▶ _DATA SHOWN_:
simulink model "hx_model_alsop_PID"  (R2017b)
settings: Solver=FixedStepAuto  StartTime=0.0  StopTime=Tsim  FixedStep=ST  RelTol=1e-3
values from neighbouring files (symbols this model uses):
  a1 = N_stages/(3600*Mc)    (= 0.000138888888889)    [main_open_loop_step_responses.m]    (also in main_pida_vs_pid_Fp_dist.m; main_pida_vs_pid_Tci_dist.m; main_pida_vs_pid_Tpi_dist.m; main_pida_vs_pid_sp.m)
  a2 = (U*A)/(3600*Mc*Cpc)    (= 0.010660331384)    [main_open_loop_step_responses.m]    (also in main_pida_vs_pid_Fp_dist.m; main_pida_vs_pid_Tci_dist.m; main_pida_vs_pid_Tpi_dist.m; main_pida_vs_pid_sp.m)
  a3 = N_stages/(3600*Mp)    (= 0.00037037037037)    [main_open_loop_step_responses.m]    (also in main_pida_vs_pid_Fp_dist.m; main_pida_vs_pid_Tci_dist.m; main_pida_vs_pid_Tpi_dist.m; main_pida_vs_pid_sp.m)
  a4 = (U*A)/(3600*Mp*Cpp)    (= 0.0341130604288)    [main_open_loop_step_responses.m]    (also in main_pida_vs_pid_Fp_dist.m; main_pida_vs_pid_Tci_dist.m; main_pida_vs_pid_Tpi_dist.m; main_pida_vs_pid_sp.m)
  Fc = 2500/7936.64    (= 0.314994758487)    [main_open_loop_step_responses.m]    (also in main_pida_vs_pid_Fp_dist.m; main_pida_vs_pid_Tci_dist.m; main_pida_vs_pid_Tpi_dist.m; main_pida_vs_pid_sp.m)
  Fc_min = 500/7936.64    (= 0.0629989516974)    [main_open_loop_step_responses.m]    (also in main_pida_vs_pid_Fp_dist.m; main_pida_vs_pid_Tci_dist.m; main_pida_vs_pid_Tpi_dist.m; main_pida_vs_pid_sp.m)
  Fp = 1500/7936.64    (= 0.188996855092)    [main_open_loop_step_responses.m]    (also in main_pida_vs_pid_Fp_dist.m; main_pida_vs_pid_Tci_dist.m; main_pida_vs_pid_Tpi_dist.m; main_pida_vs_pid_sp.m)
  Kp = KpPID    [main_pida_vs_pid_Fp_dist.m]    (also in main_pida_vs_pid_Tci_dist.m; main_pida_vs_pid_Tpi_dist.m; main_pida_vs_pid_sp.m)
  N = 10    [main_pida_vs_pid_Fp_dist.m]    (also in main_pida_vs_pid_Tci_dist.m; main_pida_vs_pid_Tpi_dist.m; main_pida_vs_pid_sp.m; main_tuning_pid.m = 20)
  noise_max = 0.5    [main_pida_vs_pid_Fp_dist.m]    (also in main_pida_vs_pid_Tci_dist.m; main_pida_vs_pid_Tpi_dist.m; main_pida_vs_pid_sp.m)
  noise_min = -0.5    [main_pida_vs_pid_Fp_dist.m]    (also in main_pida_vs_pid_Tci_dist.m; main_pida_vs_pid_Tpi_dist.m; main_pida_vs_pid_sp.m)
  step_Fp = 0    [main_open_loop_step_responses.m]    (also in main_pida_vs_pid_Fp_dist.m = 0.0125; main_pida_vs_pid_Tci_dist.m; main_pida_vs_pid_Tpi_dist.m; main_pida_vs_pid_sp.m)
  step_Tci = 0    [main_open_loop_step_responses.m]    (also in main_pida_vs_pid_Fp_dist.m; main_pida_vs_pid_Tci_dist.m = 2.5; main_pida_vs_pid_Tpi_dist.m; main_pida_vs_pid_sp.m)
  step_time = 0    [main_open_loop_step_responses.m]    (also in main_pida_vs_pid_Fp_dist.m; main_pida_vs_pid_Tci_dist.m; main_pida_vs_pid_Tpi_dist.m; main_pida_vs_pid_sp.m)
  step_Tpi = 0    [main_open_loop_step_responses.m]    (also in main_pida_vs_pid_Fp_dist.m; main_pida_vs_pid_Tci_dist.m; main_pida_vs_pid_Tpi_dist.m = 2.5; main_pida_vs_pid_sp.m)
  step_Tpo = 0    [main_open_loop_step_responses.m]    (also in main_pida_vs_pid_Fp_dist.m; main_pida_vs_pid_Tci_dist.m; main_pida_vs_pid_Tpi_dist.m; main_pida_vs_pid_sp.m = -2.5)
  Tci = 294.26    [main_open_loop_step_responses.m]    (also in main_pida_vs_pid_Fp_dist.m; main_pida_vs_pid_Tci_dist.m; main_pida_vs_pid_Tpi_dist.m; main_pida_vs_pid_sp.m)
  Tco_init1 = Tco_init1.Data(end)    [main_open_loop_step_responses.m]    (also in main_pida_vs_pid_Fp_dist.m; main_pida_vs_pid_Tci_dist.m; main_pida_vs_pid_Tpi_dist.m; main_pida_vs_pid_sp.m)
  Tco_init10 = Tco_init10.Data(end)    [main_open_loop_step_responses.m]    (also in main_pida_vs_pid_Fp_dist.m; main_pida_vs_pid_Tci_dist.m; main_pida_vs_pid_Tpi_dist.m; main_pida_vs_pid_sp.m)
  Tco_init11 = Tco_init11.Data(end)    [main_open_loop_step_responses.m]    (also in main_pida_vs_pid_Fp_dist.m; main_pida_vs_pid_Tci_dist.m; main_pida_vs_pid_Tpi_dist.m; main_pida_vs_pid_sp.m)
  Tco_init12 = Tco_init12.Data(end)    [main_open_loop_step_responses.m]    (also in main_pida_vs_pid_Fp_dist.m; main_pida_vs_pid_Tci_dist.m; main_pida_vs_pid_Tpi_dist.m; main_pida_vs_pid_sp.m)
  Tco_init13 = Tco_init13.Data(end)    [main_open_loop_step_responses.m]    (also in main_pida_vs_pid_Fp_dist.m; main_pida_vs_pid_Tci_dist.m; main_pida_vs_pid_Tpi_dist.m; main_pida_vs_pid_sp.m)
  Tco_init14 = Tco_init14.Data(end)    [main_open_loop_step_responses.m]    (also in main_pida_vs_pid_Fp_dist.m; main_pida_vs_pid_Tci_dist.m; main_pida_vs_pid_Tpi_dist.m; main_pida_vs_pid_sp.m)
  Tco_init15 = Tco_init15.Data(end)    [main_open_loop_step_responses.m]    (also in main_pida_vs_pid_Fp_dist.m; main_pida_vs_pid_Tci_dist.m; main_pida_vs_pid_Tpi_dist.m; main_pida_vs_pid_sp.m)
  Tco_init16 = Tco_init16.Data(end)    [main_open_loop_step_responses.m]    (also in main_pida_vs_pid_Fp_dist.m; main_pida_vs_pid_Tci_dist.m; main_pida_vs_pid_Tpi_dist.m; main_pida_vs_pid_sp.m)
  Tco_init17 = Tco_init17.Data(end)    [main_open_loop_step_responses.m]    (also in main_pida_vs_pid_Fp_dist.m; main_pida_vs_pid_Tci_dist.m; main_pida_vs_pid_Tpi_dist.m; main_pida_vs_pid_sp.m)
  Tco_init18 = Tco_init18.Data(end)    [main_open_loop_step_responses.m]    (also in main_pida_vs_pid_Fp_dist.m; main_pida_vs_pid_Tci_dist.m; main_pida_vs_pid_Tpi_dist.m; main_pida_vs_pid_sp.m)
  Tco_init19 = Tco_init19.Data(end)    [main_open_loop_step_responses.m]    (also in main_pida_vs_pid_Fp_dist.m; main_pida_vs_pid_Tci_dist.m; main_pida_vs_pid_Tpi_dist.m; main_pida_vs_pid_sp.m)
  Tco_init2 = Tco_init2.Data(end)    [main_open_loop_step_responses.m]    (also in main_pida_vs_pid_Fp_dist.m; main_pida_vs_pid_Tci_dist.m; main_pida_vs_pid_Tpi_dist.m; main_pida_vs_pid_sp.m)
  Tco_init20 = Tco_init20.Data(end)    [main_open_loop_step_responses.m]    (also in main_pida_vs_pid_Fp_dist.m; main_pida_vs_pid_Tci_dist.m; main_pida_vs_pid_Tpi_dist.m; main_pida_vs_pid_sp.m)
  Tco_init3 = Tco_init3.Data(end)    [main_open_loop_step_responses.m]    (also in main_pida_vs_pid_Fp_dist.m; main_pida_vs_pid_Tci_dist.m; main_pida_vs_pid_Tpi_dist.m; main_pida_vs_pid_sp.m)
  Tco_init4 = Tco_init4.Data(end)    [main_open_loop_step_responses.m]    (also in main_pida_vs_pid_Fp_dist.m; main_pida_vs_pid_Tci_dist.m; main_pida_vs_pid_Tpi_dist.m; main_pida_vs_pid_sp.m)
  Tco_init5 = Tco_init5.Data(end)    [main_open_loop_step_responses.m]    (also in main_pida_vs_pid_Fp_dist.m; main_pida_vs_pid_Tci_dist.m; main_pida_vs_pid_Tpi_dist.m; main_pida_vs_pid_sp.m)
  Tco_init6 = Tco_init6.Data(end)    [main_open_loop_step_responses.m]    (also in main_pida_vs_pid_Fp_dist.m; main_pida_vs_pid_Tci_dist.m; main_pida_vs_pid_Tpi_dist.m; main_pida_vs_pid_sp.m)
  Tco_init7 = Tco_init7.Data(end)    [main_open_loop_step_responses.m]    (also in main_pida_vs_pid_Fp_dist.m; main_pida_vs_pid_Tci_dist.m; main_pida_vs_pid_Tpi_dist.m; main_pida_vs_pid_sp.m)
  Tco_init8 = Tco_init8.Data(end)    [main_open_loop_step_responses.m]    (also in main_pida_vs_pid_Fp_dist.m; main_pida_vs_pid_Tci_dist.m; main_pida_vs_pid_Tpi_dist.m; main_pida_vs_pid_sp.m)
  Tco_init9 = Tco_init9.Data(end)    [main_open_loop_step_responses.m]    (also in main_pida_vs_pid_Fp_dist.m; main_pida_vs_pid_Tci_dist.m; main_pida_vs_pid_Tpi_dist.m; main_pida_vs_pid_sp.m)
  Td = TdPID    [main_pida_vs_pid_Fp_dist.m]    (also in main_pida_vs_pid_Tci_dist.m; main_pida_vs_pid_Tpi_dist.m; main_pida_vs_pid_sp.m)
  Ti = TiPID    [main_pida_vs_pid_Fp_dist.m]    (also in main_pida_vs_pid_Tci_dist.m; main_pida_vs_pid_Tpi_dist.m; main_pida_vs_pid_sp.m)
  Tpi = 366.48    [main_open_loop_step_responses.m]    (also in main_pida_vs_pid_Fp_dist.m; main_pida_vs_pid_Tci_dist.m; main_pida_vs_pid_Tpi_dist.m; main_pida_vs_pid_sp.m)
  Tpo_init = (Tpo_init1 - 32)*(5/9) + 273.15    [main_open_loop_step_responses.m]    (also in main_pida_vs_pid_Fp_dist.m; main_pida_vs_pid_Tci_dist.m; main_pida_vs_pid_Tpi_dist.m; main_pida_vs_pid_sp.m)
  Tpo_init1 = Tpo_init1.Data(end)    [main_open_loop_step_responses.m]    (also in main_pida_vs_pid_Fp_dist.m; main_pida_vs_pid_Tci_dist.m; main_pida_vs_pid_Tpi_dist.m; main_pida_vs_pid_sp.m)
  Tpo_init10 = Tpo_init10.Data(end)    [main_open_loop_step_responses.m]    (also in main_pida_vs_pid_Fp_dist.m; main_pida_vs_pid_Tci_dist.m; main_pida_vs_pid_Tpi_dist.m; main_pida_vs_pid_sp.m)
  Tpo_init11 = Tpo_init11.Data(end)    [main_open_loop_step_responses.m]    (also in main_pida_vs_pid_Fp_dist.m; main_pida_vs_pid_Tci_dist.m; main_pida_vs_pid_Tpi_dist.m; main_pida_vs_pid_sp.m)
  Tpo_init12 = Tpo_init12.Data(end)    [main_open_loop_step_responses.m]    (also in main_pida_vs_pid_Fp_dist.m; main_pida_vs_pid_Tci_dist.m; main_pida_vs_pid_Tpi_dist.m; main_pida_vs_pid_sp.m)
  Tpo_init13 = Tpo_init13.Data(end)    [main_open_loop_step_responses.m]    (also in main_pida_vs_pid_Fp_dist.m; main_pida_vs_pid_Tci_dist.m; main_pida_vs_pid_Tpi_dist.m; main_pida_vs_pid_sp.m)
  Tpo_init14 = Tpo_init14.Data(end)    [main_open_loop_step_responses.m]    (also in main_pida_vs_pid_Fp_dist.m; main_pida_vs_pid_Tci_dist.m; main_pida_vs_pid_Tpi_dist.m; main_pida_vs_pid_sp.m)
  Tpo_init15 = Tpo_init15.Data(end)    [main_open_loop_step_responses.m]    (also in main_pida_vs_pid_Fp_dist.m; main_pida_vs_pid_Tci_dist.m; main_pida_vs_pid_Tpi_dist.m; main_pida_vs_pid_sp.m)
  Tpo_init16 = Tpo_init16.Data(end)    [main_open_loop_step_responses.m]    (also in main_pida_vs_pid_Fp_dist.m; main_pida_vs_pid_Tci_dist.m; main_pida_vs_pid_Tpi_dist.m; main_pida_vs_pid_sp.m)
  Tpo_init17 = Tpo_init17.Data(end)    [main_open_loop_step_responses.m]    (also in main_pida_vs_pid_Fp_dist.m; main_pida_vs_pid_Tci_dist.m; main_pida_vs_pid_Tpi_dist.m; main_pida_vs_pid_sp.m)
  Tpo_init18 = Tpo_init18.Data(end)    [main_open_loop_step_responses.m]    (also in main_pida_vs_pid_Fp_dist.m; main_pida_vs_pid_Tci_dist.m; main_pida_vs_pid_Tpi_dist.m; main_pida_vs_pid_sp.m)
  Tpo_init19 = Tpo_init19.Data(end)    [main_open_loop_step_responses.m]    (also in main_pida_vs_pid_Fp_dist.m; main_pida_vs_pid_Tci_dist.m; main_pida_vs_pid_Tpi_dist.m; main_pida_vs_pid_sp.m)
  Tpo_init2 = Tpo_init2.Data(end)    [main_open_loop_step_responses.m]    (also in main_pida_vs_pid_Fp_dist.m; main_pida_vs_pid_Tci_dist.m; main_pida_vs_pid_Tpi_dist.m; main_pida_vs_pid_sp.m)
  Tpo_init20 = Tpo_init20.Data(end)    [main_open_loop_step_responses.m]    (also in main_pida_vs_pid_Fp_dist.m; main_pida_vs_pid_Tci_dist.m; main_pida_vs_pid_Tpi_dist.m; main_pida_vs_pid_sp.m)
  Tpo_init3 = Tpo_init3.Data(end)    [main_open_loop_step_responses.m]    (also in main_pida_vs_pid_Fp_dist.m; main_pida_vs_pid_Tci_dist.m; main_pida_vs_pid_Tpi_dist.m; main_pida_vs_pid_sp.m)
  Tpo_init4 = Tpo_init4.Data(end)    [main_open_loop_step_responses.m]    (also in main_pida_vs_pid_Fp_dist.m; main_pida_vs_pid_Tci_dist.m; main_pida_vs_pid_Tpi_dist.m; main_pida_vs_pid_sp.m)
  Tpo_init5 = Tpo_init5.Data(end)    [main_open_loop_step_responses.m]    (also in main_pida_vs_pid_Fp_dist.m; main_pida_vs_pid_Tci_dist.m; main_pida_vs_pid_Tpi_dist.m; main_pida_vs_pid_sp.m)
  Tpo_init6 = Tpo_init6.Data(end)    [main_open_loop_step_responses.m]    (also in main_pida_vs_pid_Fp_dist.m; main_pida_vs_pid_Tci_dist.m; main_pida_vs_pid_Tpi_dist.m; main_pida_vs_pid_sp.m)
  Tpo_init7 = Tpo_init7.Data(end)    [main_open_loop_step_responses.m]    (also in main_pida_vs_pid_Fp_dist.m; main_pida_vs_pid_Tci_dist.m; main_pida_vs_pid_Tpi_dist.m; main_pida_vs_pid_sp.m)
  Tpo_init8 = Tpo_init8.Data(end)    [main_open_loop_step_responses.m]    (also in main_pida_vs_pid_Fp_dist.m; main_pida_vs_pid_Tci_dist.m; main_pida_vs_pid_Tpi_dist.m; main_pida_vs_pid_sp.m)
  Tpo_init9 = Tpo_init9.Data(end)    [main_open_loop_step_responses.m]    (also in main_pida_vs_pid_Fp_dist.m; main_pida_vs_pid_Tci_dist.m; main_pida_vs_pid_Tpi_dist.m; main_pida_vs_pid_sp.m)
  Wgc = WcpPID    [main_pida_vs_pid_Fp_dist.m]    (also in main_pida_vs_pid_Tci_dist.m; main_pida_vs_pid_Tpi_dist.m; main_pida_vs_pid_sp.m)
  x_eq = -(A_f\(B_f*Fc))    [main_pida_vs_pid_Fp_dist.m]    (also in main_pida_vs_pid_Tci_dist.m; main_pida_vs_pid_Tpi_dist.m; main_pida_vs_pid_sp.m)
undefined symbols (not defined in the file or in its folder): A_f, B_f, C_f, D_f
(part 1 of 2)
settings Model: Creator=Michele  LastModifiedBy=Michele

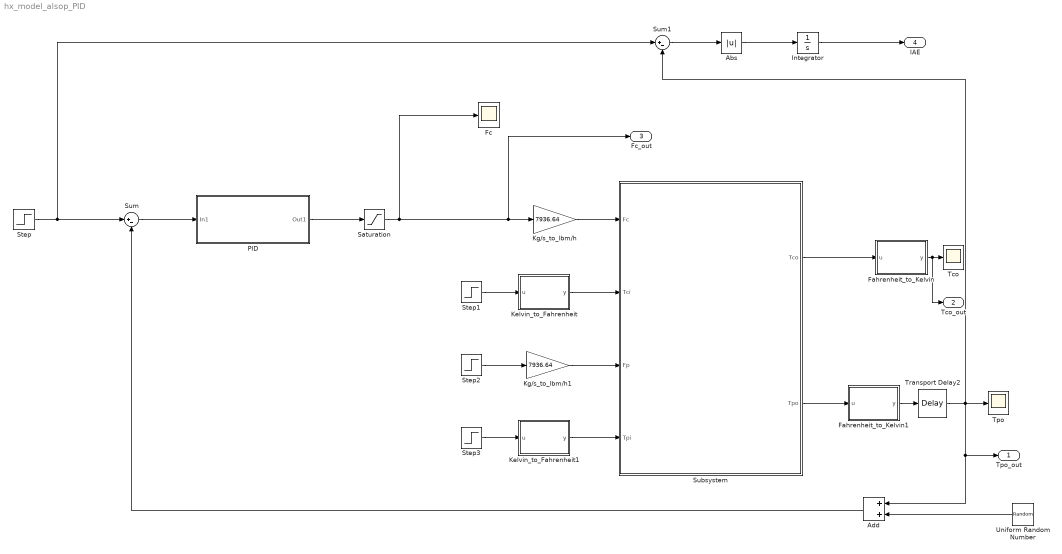
== system hx_model_alsop_PID ==
  Abs : Abs
  Add : Sum
  Fahrenheit_to_Kelvin : MATLAB Function  TreatAsAtomicUnit=on
  Fahrenheit_to_Kelvin1 : MATLAB Function  TreatAsAtomicUnit=on
  Fc : Scope
  Integrator : Integrator
  Kelvin_to_Fahrenheit : MATLAB Function  TreatAsAtomicUnit=on
  Kelvin_to_Fahrenheit1 : MATLAB Function  TreatAsAtomicUnit=on
  Kg/s_to_lbm/h : Gain  Gain=7936.64
  Kg/s_to_lbm/h1 : Gain  Gain=7936.64
  PID : Subsystem
  Saturation : Saturate  UpperLimit=inf  LowerLimit=Fc_min
  Step : Step  Time=step_time  Before=Tpo_init  After=Tpo_init+step_Tpo  SampleTime=0
  Step1 : Step  Time=step_time  Before=Tci  After=Tci+step_Tci  SampleTime=0
  Step2 : Step  Time=step_time  Before=Fp  After=Fp+step_Fp  SampleTime=0
  Step3 : Step  Time=step_time  Before=Tpi  After=Tpi+step_Tpi  SampleTime=0
  Subsystem : Subsystem
  Sum : Sum  Inputs=|+-
  Sum1 : Sum  Inputs=|+-
  Tco : Scope
  Tpo : Scope
  Transport Delay2 : TransportDelay  DelayTime=35  InitialOutput=(Tpo_init1 - 32)*(5/9) + 273.15
  Uniform Random Number : UniformRandomNumber  Minimum=noise_min  Maximum=noise_max  SampleTime=0.1
  Tpo_out : Outport
  Tco_out : Outport  Port=2
  Fc_out : Outport  Port=3
  IAE : Outport  Port=4
  wires:
  Step2/1 -> Kg/s_to_lbm/h1/1
  Step3/1 -> Kelvin_to_Fahrenheit1/1(u)
  Step1/1 -> Kelvin_to_Fahrenheit/1(u)
  Kelvin_to_Fahrenheit/1(y) -> Subsystem/2(Tci)
  Kelvin_to_Fahrenheit1/1(y) -> Subsystem/4(Tpi)
  Fahrenheit_to_Kelvin/1(y) -> Tco_out/1, Tco/1
  Fahrenheit_to_Kelvin1/1(y) -> Transport Delay2/1
  Kg/s_to_lbm/h/1 -> Subsystem/1(Fc)
  Kg/s_to_lbm/h1/1 -> Subsystem/3(Fp)
  Subsystem/1(Tco) -> Fahrenheit_to_Kelvin/1(u)
  Subsystem/2(Tpo) -> Fahrenheit_to_Kelvin1/1(u)
  Saturation/1 -> Fc_out/1, Kg/s_to_lbm/h/1, Fc/1
  PID/1(Out1) -> Saturation/1
  Step/1 -> Sum1/1, Sum/1
  Abs/1 -> Integrator/1
  Sum/1 -> PID/1(In1)
  Integrator/1 -> IAE/1
  Add/1 -> Sum/2
  Uniform Random Number/1 -> Add/2
  Sum1/1 -> Abs/1
  Transport Delay2/1 -> Sum1/2, Tpo/1, Tpo_out/1, Add/1

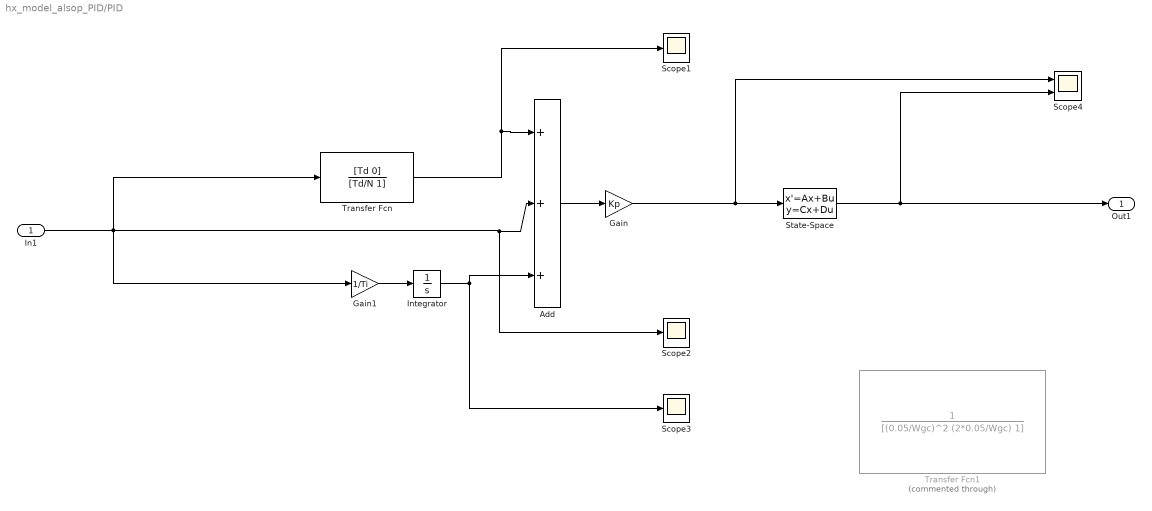
== system hx_model_alsop_PID/PID ==
  In1 : Inport
  Add : Sum  Inputs=+++
  Gain : Gain  Gain=Kp
  Gain1 : Gain  Gain=1/Ti
  Integrator : Integrator  InitialCondition=Fc/Kp
  Scope1 : Scope
  Scope2 : Scope
  Scope3 : Scope
  Scope4 : Scope  NumInputPorts=2
  State-Space : StateSpace  A=A_f  B=B_f  C=C_f  D=D_f  InitialCondition=x_eq
  Transfer Fcn : TransferFcn  Numerator=[Td 0]  Denominator=[Td/N 1]
  Transfer Fcn1 : TransferFcn  Commented=through  Denominator=[(0.05/Wgc)^2 (2*0.05/Wgc) 1]
  Out1 : Outport
  wires:
  Add/1 -> Gain/1
  Integrator/1 -> Add/3, Scope3/1
  Gain1/1 -> Integrator/1
  State-Space/1 -> Scope4/2, Out1/1
  In1/1 -> Transfer Fcn/1, Gain1/1, Add/2, Scope2/1
  Transfer Fcn/1 -> Add/1, Scope1/1
  Gain/1 -> Scope4/1, State-Space/1

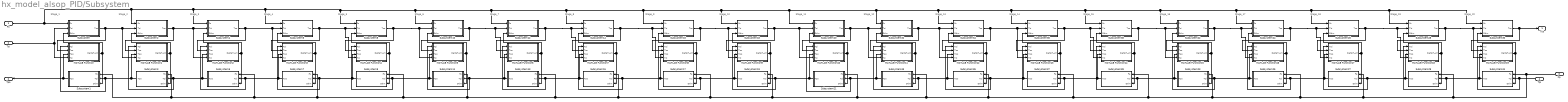
== system hx_model_alsop_PID/Subsystem ==
  note: Stage_1
  note: Stage_2
  note: Stage_3
  note: Stage_4
  note: Stage_5
  note: Stage_6
  note: Stage_7
  note: Stage_8
  note: Stage_9
  note: Stage_10
  note: Stage_13
  note: Stage_20
  note: Stage_16
  note: Stage_11
  note: Stage_18
  note: Stage_15
  note: Stage_19
  note: Stage_12
  note: Stage_17
  note: Stage_14
  Fc : Inport
  Tci : Inport  Port=2
  Fp : Inport  Port=3
  Tpi : Inport  Port=4
  MATLAB Function : MATLAB Function  TreatAsAtomicUnit=on
  MATLAB Function1 : MATLAB Function  TreatAsAtomicUnit=on
  MATLAB Function10 : MATLAB Function  TreatAsAtomicUnit=on
  MATLAB Function11 : MATLAB Function  TreatAsAtomicUnit=on
  MATLAB Function12 : MATLAB Function  TreatAsAtomicUnit=on
  MATLAB Function13 : MATLAB Function  TreatAsAtomicUnit=on
  MATLAB Function14 : MATLAB Function  TreatAsAtomicUnit=on
  MATLAB Function15 : MATLAB Function  TreatAsAtomicUnit=on
  MATLAB Function16 : MATLAB Function  TreatAsAtomicUnit=on
  MATLAB Function17 : MATLAB Function  TreatAsAtomicUnit=on
  MATLAB Function18 : MATLAB Function  TreatAsAtomicUnit=on
  MATLAB Function19 : MATLAB Function  TreatAsAtomicUnit=on
  MATLAB Function2 : MATLAB Function  TreatAsAtomicUnit=on
  MATLAB Function3 : MATLAB Function  TreatAsAtomicUnit=on
  MATLAB Function4 : MATLAB Function  TreatAsAtomicUnit=on
  MATLAB Function5 : MATLAB Function  TreatAsAtomicUnit=on
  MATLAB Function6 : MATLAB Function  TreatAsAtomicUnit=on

▶ _ASSIGNMENT_:
Work out how many lines of the data hold the string "Outport". State only that number.

▶ _TASK ANSWER_:
5